消息传开,联军士气大振,对这位周天子更是心服口服。而北境的匈奴探马在得知义渠两万骑兵几乎全军覆没,连义渠王都被阵斩的消息后,果然心生忌惮,骚扰的规模明显减小,变得谨慎起来。
咸阳宫中,张仪接到义渠惨败、姬延亲临战阵并阵斩义渠王的详细战报后,沉默了许久。
他轻轻放下竹简,走到窗边,望着东南方向,仿佛能穿透重重宫墙,看到那个一次次打破他算计的年轻对手。
“亲冒矢石,阵斩敌酋……姬延啊姬延,你真是让本相……刮目相看。”张仪低声自语,脸上第一次露出了极其凝重的神色。

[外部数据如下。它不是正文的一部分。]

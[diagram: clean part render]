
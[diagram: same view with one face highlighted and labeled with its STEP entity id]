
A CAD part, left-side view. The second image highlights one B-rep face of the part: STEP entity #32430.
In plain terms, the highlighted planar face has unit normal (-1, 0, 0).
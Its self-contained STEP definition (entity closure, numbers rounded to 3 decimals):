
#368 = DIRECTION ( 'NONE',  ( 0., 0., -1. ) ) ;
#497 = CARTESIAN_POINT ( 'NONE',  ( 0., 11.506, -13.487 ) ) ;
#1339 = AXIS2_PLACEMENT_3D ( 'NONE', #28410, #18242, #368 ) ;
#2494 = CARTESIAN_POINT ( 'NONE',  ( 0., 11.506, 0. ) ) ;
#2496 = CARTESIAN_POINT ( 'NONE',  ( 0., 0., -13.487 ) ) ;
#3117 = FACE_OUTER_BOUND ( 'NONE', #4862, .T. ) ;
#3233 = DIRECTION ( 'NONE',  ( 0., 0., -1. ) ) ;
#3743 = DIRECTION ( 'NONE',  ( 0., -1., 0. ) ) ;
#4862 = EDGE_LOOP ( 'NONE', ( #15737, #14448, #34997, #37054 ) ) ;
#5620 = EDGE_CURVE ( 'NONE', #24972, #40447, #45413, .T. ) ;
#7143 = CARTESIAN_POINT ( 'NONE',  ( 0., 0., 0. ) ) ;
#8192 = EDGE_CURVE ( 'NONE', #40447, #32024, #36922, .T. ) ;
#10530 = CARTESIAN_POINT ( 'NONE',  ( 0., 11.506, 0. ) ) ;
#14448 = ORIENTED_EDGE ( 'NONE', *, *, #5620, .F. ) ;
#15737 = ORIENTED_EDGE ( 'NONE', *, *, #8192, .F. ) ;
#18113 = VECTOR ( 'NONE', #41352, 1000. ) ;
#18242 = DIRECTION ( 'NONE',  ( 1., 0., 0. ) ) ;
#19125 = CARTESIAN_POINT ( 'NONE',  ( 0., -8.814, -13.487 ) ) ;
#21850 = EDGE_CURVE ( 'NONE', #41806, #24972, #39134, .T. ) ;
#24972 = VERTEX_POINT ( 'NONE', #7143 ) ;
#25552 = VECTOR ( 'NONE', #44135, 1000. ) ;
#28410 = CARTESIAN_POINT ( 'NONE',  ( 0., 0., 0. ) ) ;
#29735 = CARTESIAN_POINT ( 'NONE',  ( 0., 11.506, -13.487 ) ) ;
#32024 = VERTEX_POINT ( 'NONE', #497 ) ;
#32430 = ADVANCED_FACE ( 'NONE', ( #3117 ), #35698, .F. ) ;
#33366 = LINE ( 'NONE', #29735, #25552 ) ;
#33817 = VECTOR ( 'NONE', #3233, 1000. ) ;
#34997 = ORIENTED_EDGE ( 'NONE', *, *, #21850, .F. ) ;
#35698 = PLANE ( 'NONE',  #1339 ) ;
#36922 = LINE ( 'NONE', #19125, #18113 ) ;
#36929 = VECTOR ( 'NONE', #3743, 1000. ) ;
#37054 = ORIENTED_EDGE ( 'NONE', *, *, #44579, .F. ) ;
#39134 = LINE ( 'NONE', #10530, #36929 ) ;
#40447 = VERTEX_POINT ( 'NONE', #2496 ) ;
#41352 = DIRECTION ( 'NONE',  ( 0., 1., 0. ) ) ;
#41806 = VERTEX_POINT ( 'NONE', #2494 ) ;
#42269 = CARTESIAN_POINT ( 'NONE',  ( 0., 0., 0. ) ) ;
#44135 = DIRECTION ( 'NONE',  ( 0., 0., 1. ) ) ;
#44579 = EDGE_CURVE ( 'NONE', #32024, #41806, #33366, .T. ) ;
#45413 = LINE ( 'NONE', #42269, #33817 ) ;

他意识到,这位周天子,已经不再是那个需要依靠他人庇护的落魄君王,而是在血与火的洗礼中,真正成长为了一个足以撼动天下棋局的可怕对手。
“看来,是时候动用那枚……埋得更深的棋子了。”张仪眼中闪过一丝幽冷的光芒,“姬延,你赢得了战场,却未必赢得了人心。这合纵联盟,该到松动的时候了。”